There is no hotter winemaker in Burgundy than the wunderkind that is Pierre-Yves Colin Morey. This micro-negociant started up in 2005. Before that he was the winemaker at his father's great domaine, Marc Colin. He started his own Domaine in 2005 and it principally focuses on white wines from Bourgogne Blanc up to Montrachet with everything in between. For me, in 2008 everything clicked for him and now with 2010 and 2011 vintages he is considered THE rising young talent in Burgundy. Burgundy's Bryce Harper have you.
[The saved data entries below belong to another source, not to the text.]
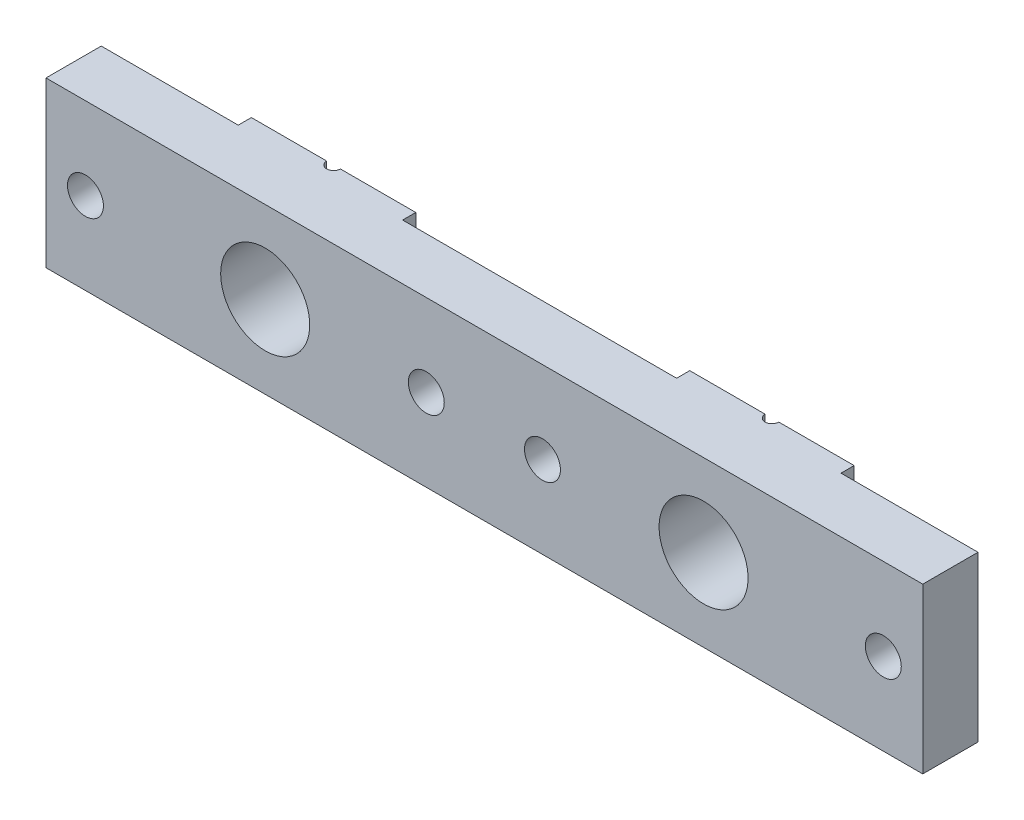
ISO-10303-21;
HEADER;
FILE_DESCRIPTION(('STEP AP214'),'2;1');
FILE_NAME('part.step','',(''),(''),'','','');
FILE_SCHEMA(('AUTOMOTIVE_DESIGN { 1 0 10303 214 1 1 1 1 }'));
ENDSEC;
DATA;
#1=APPLICATION_CONTEXT('core data for automotive mechanical design processes');
#2=APPLICATION_PROTOCOL_DEFINITION('international standard','automotive_design',2000,#1);
#3=PRODUCT_CONTEXT('',#1,'mechanical');
#4=PRODUCT('Part','Part','',(#3));
#5=PRODUCT_RELATED_PRODUCT_CATEGORY('part','',(#4));
#6=PRODUCT_DEFINITION_FORMATION('','',#4);
#7=PRODUCT_DEFINITION_CONTEXT('part definition',#1,'design');
#8=PRODUCT_DEFINITION('design','',#6,#7);
#9=PRODUCT_DEFINITION_SHAPE('','',#8);
#10=(LENGTH_UNIT() NAMED_UNIT(*) SI_UNIT(.MILLI.,.METRE.));
#11=(NAMED_UNIT(*) PLANE_ANGLE_UNIT() SI_UNIT($,.RADIAN.));
#12=(NAMED_UNIT(*) SI_UNIT($,.STERADIAN.) SOLID_ANGLE_UNIT());
#13=UNCERTAINTY_MEASURE_WITH_UNIT(LENGTH_MEASURE(1.E-05),#10,'distance_accuracy_value','');
#14=(GEOMETRIC_REPRESENTATION_CONTEXT(3) GLOBAL_UNCERTAINTY_ASSIGNED_CONTEXT((#13)) GLOBAL_UNIT_ASSIGNED_CONTEXT((#10,
#11,#12)) REPRESENTATION_CONTEXT('',''));
#15=CARTESIAN_POINT('',(0.,0.,0.));
#16=DIRECTION('',(0.,0.,1.));
#17=DIRECTION('',(1.,0.,0.));
#18=AXIS2_PLACEMENT_3D('',#15,#16,#17);
#19=CARTESIAN_POINT('',(-50.8,-9.525,0.));
#20=DIRECTION('',(0.,0.,1.));
#21=DIRECTION('',(1.,0.,0.));
#22=AXIS2_PLACEMENT_3D('',#19,#20,#21);
#23=PLANE('',#22);
#24=DIRECTION('',(1.,0.,0.));
#25=VECTOR('',#24,1.);
#26=CARTESIAN_POINT('',(-50.8,-9.525,0.));
#27=LINE('',#26,#25);
#28=CARTESIAN_POINT('',(26.19375,-9.525,0.));
#29=VERTEX_POINT('',#28);
#30=CARTESIAN_POINT('',(34.925,-9.525,0.));
#31=VERTEX_POINT('',#30);
#32=EDGE_CURVE('E185',#29,#31,#27,.T.);
#33=ORIENTED_EDGE('',*,*,#32,.F.);
#34=DIRECTION('',(0.,1.,0.));
#35=VECTOR('',#34,1.);
#36=CARTESIAN_POINT('',(26.19375,9.525,0.));
#37=LINE('',#36,#35);
#38=CARTESIAN_POINT('',(26.19375,-5.09795167965772,0.));
#39=VERTEX_POINT('',#38);
#40=EDGE_CURVE('E171',#29,#39,#37,.T.);
#41=ORIENTED_EDGE('',*,*,#40,.T.);
#42=CARTESIAN_POINT('',(25.4,0.,0.));
#43=DIRECTION('',(0.,0.,-1.));
#44=DIRECTION('',(-1.,0.,0.));
#45=AXIS2_PLACEMENT_3D('',#42,#43,#44);
#46=CIRCLE('',#45,5.15937499999999);
#47=CARTESIAN_POINT('',(26.19375,5.09795167965771,0.));
#48=VERTEX_POINT('',#47);
#49=EDGE_CURVE('E200',#48,#39,#46,.T.);
#50=ORIENTED_EDGE('',*,*,#49,.F.);
#51=CARTESIAN_POINT('',(26.19375,9.525,0.));
#52=VERTEX_POINT('',#51);
#53=EDGE_CURVE('E60',#48,#52,#37,.T.);
#54=ORIENTED_EDGE('',*,*,#53,.T.);
#55=DIRECTION('',(-1.,0.,0.));
#56=VECTOR('',#55,1.);
#57=CARTESIAN_POINT('',(-50.8,9.525,0.));
#58=LINE('',#57,#56);
#59=CARTESIAN_POINT('',(34.925,9.525,0.));
#60=VERTEX_POINT('',#59);
#61=EDGE_CURVE('E217',#60,#52,#58,.T.);
#62=ORIENTED_EDGE('',*,*,#61,.F.);
#63=DIRECTION('',(0.,1.,0.));
#64=VECTOR('',#63,1.);
#65=CARTESIAN_POINT('',(34.925,9.525,0.));
#66=LINE('',#65,#64);
#67=EDGE_CURVE('E194',#31,#60,#66,.T.);
#68=ORIENTED_EDGE('',*,*,#67,.F.);
#69=EDGE_LOOP('',(#33,#41,#50,#54,#62,#68));
#70=FACE_BOUND('',#69,.T.);
#71=ADVANCED_FACE('F32',(#70),#23,.F.);
#72=CARTESIAN_POINT('',(-50.8,9.525,7.9248));
#73=DIRECTION('',(0.,-1.,0.));
#74=DIRECTION('',(0.,0.,-1.));
#75=AXIS2_PLACEMENT_3D('',#72,#73,#74);
#76=PLANE('',#75);
#77=ORIENTED_EDGE('',*,*,#61,.T.);
#78=CARTESIAN_POINT('',(25.4,9.525,0.));
#79=DIRECTION('',(0.,1.,0.));
#80=DIRECTION('',(0.,0.,1.));
#81=AXIS2_PLACEMENT_3D('',#78,#79,#80);
#82=CIRCLE('',#81,0.793749999999989);
#83=CARTESIAN_POINT('',(24.60625,9.525,0.));
#84=VERTEX_POINT('',#83);
#85=EDGE_CURVE('E190',#84,#52,#82,.T.);
#86=ORIENTED_EDGE('',*,*,#85,.F.);
#87=CARTESIAN_POINT('',(15.875,9.525,0.));
#88=VERTEX_POINT('',#87);
#89=EDGE_CURVE('E210',#84,#88,#58,.T.);
#90=ORIENTED_EDGE('',*,*,#89,.T.);
#91=DIRECTION('',(0.,0.,-1.));
#92=VECTOR('',#91,1.);
#93=CARTESIAN_POINT('',(15.875,9.525,1.524));
#94=LINE('',#93,#92);
#95=CARTESIAN_POINT('',(15.875,9.525,1.524));
#96=VERTEX_POINT('',#95);
#97=EDGE_CURVE('E258',#96,#88,#94,.T.);
#98=ORIENTED_EDGE('',*,*,#97,.F.);
#99=DIRECTION('',(1.,0.,0.));
#100=VECTOR('',#99,1.);
#101=CARTESIAN_POINT('',(15.875,9.525,1.524));
#102=LINE('',#101,#100);
#103=CARTESIAN_POINT('',(-15.875,9.525,1.524));
#104=VERTEX_POINT('',#103);
#105=EDGE_CURVE('E412',#104,#96,#102,.T.);
#106=ORIENTED_EDGE('',*,*,#105,.F.);
#107=DIRECTION('',(0.,0.,-1.));
#108=VECTOR('',#107,1.);
#109=CARTESIAN_POINT('',(-15.875,9.525,1.524));
#110=LINE('',#109,#108);
#111=CARTESIAN_POINT('',(-15.875,9.525,0.));
#112=VERTEX_POINT('',#111);
#113=EDGE_CURVE('E419',#104,#112,#110,.T.);
#114=ORIENTED_EDGE('',*,*,#113,.T.);
#115=CARTESIAN_POINT('',(-24.60625,9.525,0.));
#116=VERTEX_POINT('',#115);
#117=EDGE_CURVE('E209',#112,#116,#58,.T.);
#118=ORIENTED_EDGE('',*,*,#117,.T.);
#119=CARTESIAN_POINT('',(-25.4,9.525,0.));
#120=DIRECTION('',(0.,1.,0.));
#121=DIRECTION('',(0.,0.,1.));
#122=AXIS2_PLACEMENT_3D('',#119,#120,#121);
#123=CIRCLE('',#122,0.793749999999989);
#124=CARTESIAN_POINT('',(-26.19375,9.525,0.));
#125=VERTEX_POINT('',#124);
#126=EDGE_CURVE('E448',#125,#116,#123,.T.);
#127=ORIENTED_EDGE('',*,*,#126,.F.);
#128=CARTESIAN_POINT('',(-34.925,9.525,0.));
#129=VERTEX_POINT('',#128);
#130=EDGE_CURVE('E205',#125,#129,#58,.T.);
#131=ORIENTED_EDGE('',*,*,#130,.T.);
#132=DIRECTION('',(0.,0.,-1.));
#133=VECTOR('',#132,1.);
#134=CARTESIAN_POINT('',(-34.925,9.525,1.524));
#135=LINE('',#134,#133);
#136=CARTESIAN_POINT('',(-34.925,9.525,1.524));
#137=VERTEX_POINT('',#136);
#138=EDGE_CURVE('E267',#137,#129,#135,.T.);
#139=ORIENTED_EDGE('',*,*,#138,.F.);
#140=DIRECTION('',(1.,0.,0.));
#141=VECTOR('',#140,1.);
#142=CARTESIAN_POINT('',(-34.925,9.525,1.524));
#143=LINE('',#142,#141);
#144=CARTESIAN_POINT('',(-50.8,9.525,1.524));
#145=VERTEX_POINT('',#144);
#146=EDGE_CURVE('E384',#145,#137,#143,.T.);
#147=ORIENTED_EDGE('',*,*,#146,.F.);
#148=DIRECTION('',(0.,0.,-1.));
#149=VECTOR('',#148,1.);
#150=CARTESIAN_POINT('',(-50.8,9.525,7.9248));
#151=LINE('',#150,#149);
#152=CARTESIAN_POINT('',(-50.8,9.525,7.9248));
#153=VERTEX_POINT('',#152);
#154=EDGE_CURVE('E237',#153,#145,#151,.T.);
#155=ORIENTED_EDGE('',*,*,#154,.F.);
#156=DIRECTION('',(-1.,0.,0.));
#157=VECTOR('',#156,1.);
#158=CARTESIAN_POINT('',(-50.8,9.525,7.9248));
#159=LINE('',#158,#157);
#160=CARTESIAN_POINT('',(50.8,9.525,7.9248));
#161=VERTEX_POINT('',#160);
#162=EDGE_CURVE('E236',#161,#153,#159,.T.);
#163=ORIENTED_EDGE('',*,*,#162,.F.);
#164=DIRECTION('',(0.,0.,-1.));
#165=VECTOR('',#164,1.);
#166=CARTESIAN_POINT('',(50.8,9.525,7.9248));
#167=LINE('',#166,#165);
#168=CARTESIAN_POINT('',(50.8,9.525,1.524));
#169=VERTEX_POINT('',#168);
#170=EDGE_CURVE('E241',#161,#169,#167,.T.);
#171=ORIENTED_EDGE('',*,*,#170,.T.);
#172=DIRECTION('',(1.,0.,0.));
#173=VECTOR('',#172,1.);
#174=CARTESIAN_POINT('',(50.8,9.525,1.524));
#175=LINE('',#174,#173);
#176=CARTESIAN_POINT('',(34.925,9.525,1.524));
#177=VERTEX_POINT('',#176);
#178=EDGE_CURVE('E396',#177,#169,#175,.T.);
#179=ORIENTED_EDGE('',*,*,#178,.F.);
#180=DIRECTION('',(0.,0.,-1.));
#181=VECTOR('',#180,1.);
#182=CARTESIAN_POINT('',(34.925,9.525,1.524));
#183=LINE('',#182,#181);
#184=EDGE_CURVE('E263',#177,#60,#183,.T.);
#185=ORIENTED_EDGE('',*,*,#184,.T.);
#186=EDGE_LOOP('',(#77,#86,#90,#98,#106,#114,#118,#127,#131,#139,#147,#155,#163,#171,#179,#185));
#187=FACE_BOUND('',#186,.T.);
#188=ADVANCED_FACE('F348',(#187),#76,.F.);
#189=CARTESIAN_POINT('',(-24.60625,-9.525,0.));
#190=VERTEX_POINT('',#189);
#191=CARTESIAN_POINT('',(-15.875,-9.525,0.));
#192=VERTEX_POINT('',#191);
#193=EDGE_CURVE('E197',#190,#192,#27,.T.);
#194=ORIENTED_EDGE('',*,*,#193,.F.);
#195=DIRECTION('',(0.,1.,0.));
#196=VECTOR('',#195,1.);
#197=CARTESIAN_POINT('',(-24.60625,9.525,0.));
#198=LINE('',#197,#196);
#199=CARTESIAN_POINT('',(-24.60625,-5.09795167965772,0.));
#200=VERTEX_POINT('',#199);
#201=EDGE_CURVE('E381',#190,#200,#198,.T.);
#202=ORIENTED_EDGE('',*,*,#201,.T.);
#203=CARTESIAN_POINT('',(-25.4,0.,0.));
#204=DIRECTION('',(0.,0.,-1.));
#205=DIRECTION('',(-1.,0.,0.));
#206=AXIS2_PLACEMENT_3D('',#203,#204,#205);
#207=CIRCLE('',#206,5.15937499999999);
#208=CARTESIAN_POINT('',(-24.60625,5.09795167965771,0.));
#209=VERTEX_POINT('',#208);
#210=EDGE_CURVE('E441',#209,#200,#207,.T.);
#211=ORIENTED_EDGE('',*,*,#210,.F.);
#212=EDGE_CURVE('E374',#209,#116,#198,.T.);
#213=ORIENTED_EDGE('',*,*,#212,.T.);
#214=ORIENTED_EDGE('',*,*,#117,.F.);
#215=DIRECTION('',(0.,1.,0.));
#216=VECTOR('',#215,1.);
#217=CARTESIAN_POINT('',(-15.875,9.525,0.));
#218=LINE('',#217,#216);
#219=EDGE_CURVE('E406',#192,#112,#218,.T.);
#220=ORIENTED_EDGE('',*,*,#219,.F.);
#221=EDGE_LOOP('',(#194,#202,#211,#213,#214,#220));
#222=FACE_BOUND('',#221,.T.);
#223=ADVANCED_FACE('F342',(#222),#23,.F.);
#224=CARTESIAN_POINT('',(-50.8,9.525,7.9248));
#225=DIRECTION('',(1.,0.,0.));
#226=DIRECTION('',(0.,0.,-1.));
#227=AXIS2_PLACEMENT_3D('',#224,#225,#226);
#228=PLANE('',#227);
#229=DIRECTION('',(0.,1.,0.));
#230=VECTOR('',#229,1.);
#231=CARTESIAN_POINT('',(-50.8,9.525,1.524));
#232=LINE('',#231,#230);
#233=CARTESIAN_POINT('',(-50.8,-9.525,1.524));
#234=VERTEX_POINT('',#233);
#235=EDGE_CURVE('E458',#234,#145,#232,.T.);
#236=ORIENTED_EDGE('',*,*,#235,.F.);
#237=DIRECTION('',(0.,0.,-1.));
#238=VECTOR('',#237,1.);
#239=CARTESIAN_POINT('',(-50.8,-9.525,7.9248));
#240=LINE('',#239,#238);
#241=CARTESIAN_POINT('',(-50.8,-9.525,7.9248));
#242=VERTEX_POINT('',#241);
#243=EDGE_CURVE('E250',#242,#234,#240,.T.);
#244=ORIENTED_EDGE('',*,*,#243,.F.);
#245=DIRECTION('',(0.,-1.,0.));
#246=VECTOR('',#245,1.);
#247=CARTESIAN_POINT('',(-50.8,9.525,7.9248));
#248=LINE('',#247,#246);
#249=EDGE_CURVE('E224',#153,#242,#248,.T.);
#250=ORIENTED_EDGE('',*,*,#249,.F.);
#251=ORIENTED_EDGE('',*,*,#154,.T.);
#252=EDGE_LOOP('',(#236,#244,#250,#251));
#253=FACE_BOUND('',#252,.T.);
#254=ADVANCED_FACE('F34',(#253),#228,.F.);
#255=CARTESIAN_POINT('',(-46.228,0.,7.9248));
#256=DIRECTION('',(0.,0.,1.));
#257=DIRECTION('',(1.,0.,0.));
#258=AXIS2_PLACEMENT_3D('',#255,#256,#257);
#259=CYLINDRICAL_SURFACE('',#258,2.08279999999999);
#260=CARTESIAN_POINT('',(-46.228,0.,7.9248));
#261=DIRECTION('',(0.,0.,1.));
#262=DIRECTION('',(1.,0.,0.));
#263=AXIS2_PLACEMENT_3D('',#260,#261,#262);
#264=CIRCLE('',#263,2.08279999999999);
#265=CARTESIAN_POINT('',(-44.1452,0.,7.9248));
#266=VERTEX_POINT('',#265);
#267=EDGE_CURVE('E428',#266,#266,#264,.T.);
#268=ORIENTED_EDGE('',*,*,#267,.T.);
#269=EDGE_LOOP('',(#268));
#270=FACE_BOUND('',#269,.T.);
#271=CARTESIAN_POINT('',(-46.228,0.,1.524));
#272=DIRECTION('',(0.,0.,-1.));
#273=DIRECTION('',(-1.,0.,0.));
#274=AXIS2_PLACEMENT_3D('',#271,#272,#273);
#275=CIRCLE('',#274,2.08279999999999);
#276=CARTESIAN_POINT('',(-48.3108,0.,1.524));
#277=VERTEX_POINT('',#276);
#278=EDGE_CURVE('E264',#277,#277,#275,.F.);
#279=ORIENTED_EDGE('',*,*,#278,.F.);
#280=EDGE_LOOP('',(#279));
#281=FACE_BOUND('',#280,.T.);
#282=ADVANCED_FACE('F319',(#270,#281),#259,.F.);
#283=CARTESIAN_POINT('',(50.8,9.525,7.9248));
#284=DIRECTION('',(-1.,0.,0.));
#285=DIRECTION('',(0.,0.,1.));
#286=AXIS2_PLACEMENT_3D('',#283,#284,#285);
#287=PLANE('',#286);
#288=DIRECTION('',(0.,-1.,0.));
#289=VECTOR('',#288,1.);
#290=CARTESIAN_POINT('',(50.8,9.525,1.524));
#291=LINE('',#290,#289);
#292=CARTESIAN_POINT('',(50.8,-9.525,1.524));
#293=VERTEX_POINT('',#292);
#294=EDGE_CURVE('E389',#169,#293,#291,.T.);
#295=ORIENTED_EDGE('',*,*,#294,.F.);
#296=ORIENTED_EDGE('',*,*,#170,.F.);
#297=DIRECTION('',(0.,1.,0.));
#298=VECTOR('',#297,1.);
#299=CARTESIAN_POINT('',(50.8,9.525,7.9248));
#300=LINE('',#299,#298);
#301=CARTESIAN_POINT('',(50.8,-9.525,7.9248));
#302=VERTEX_POINT('',#301);
#303=EDGE_CURVE('E232',#302,#161,#300,.T.);
#304=ORIENTED_EDGE('',*,*,#303,.F.);
#305=DIRECTION('',(0.,0.,-1.));
#306=VECTOR('',#305,1.);
#307=CARTESIAN_POINT('',(50.8,-9.525,7.9248));
#308=LINE('',#307,#306);
#309=EDGE_CURVE('E245',#302,#293,#308,.T.);
#310=ORIENTED_EDGE('',*,*,#309,.T.);
#311=EDGE_LOOP('',(#295,#296,#304,#310));
#312=FACE_BOUND('',#311,.T.);
#313=ADVANCED_FACE('F322',(#312),#287,.F.);
#314=CARTESIAN_POINT('',(46.228,0.,7.9248));
#315=DIRECTION('',(0.,0.,1.));
#316=DIRECTION('',(1.,0.,0.));
#317=AXIS2_PLACEMENT_3D('',#314,#315,#316);
#318=CYLINDRICAL_SURFACE('',#317,2.08279999999999);
#319=CARTESIAN_POINT('',(46.228,0.,7.9248));
#320=DIRECTION('',(0.,0.,1.));
#321=DIRECTION('',(1.,0.,0.));
#322=AXIS2_PLACEMENT_3D('',#319,#320,#321);
#323=CIRCLE('',#322,2.08279999999999);
#324=CARTESIAN_POINT('',(48.3108,0.,7.9248));
#325=VERTEX_POINT('',#324);
#326=EDGE_CURVE('E437',#325,#325,#323,.T.);
#327=ORIENTED_EDGE('',*,*,#326,.T.);
#328=EDGE_LOOP('',(#327));
#329=FACE_BOUND('',#328,.T.);
#330=CARTESIAN_POINT('',(46.228,0.,1.524));
#331=DIRECTION('',(0.,0.,-1.));
#332=DIRECTION('',(-1.,0.,0.));
#333=AXIS2_PLACEMENT_3D('',#330,#331,#332);
#334=CIRCLE('',#333,2.08279999999999);
#335=CARTESIAN_POINT('',(44.1452,0.,1.524));
#336=VERTEX_POINT('',#335);
#337=EDGE_CURVE('E259',#336,#336,#334,.F.);
#338=ORIENTED_EDGE('',*,*,#337,.F.);
#339=EDGE_LOOP('',(#338));
#340=FACE_BOUND('',#339,.T.);
#341=ADVANCED_FACE('F332',(#329,#340),#318,.F.);
#342=ORIENTED_EDGE('',*,*,#89,.F.);
#343=DIRECTION('',(0.,1.,0.));
#344=VECTOR('',#343,1.);
#345=CARTESIAN_POINT('',(24.60625,9.525,0.));
#346=LINE('',#345,#344);
#347=CARTESIAN_POINT('',(24.60625,5.09795167965771,0.));
#348=VERTEX_POINT('',#347);
#349=EDGE_CURVE('E179',#84,#348,#346,.F.);
#350=ORIENTED_EDGE('',*,*,#349,.T.);
#351=CARTESIAN_POINT('',(24.60625,-5.09795167965772,0.));
#352=VERTEX_POINT('',#351);
#353=EDGE_CURVE('E444',#352,#348,#46,.T.);
#354=ORIENTED_EDGE('',*,*,#353,.F.);
#355=CARTESIAN_POINT('',(24.60625,-9.525,0.));
#356=VERTEX_POINT('',#355);
#357=EDGE_CURVE('E52',#352,#356,#346,.F.);
#358=ORIENTED_EDGE('',*,*,#357,.T.);
#359=CARTESIAN_POINT('',(15.875,-9.525,0.));
#360=VERTEX_POINT('',#359);
#361=EDGE_CURVE('E189',#360,#356,#27,.T.);
#362=ORIENTED_EDGE('',*,*,#361,.F.);
#363=DIRECTION('',(0.,-1.,0.));
#364=VECTOR('',#363,1.);
#365=CARTESIAN_POINT('',(15.875,9.525,0.));
#366=LINE('',#365,#364);
#367=EDGE_CURVE('E262',#88,#360,#366,.T.);
#368=ORIENTED_EDGE('',*,*,#367,.F.);
#369=EDGE_LOOP('',(#342,#350,#354,#358,#362,#368));
#370=FACE_BOUND('',#369,.T.);
#371=ADVANCED_FACE('F330',(#370),#23,.F.);
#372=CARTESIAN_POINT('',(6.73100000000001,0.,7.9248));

Today I am offering his rarest wine and you might think it is a white wine but it actually is not. Not rose either. I kid, I kid. It is a Santenay. Not just any Santenay mind you but 100 year old vines Santenay that Pierre-Yves only makes 2 barrels of a year. I have very very little of this wine, but enough to make most of you happy. This will be allocated.
I am thrilled to offer the 2008 Pierre-Yves Colin Morey Santenay "Vieilles Vignes-Ceps Centenaires" for $39.99 a bottle. This wine is allocated and very hard to source; (frankly I had to pay through the nose to get this parcel and am taking thin margins) but it's such a great and rare wine that I really wanted to offer it to my list.
I cannot even begin to tell you how special all of his wines are. I know that some of you have drunk them and have been rendered speechless. But I bet most, if not none of you, have ever had his Santenay. Prepare to be blown away. Especially with a wine with a few years of age on it.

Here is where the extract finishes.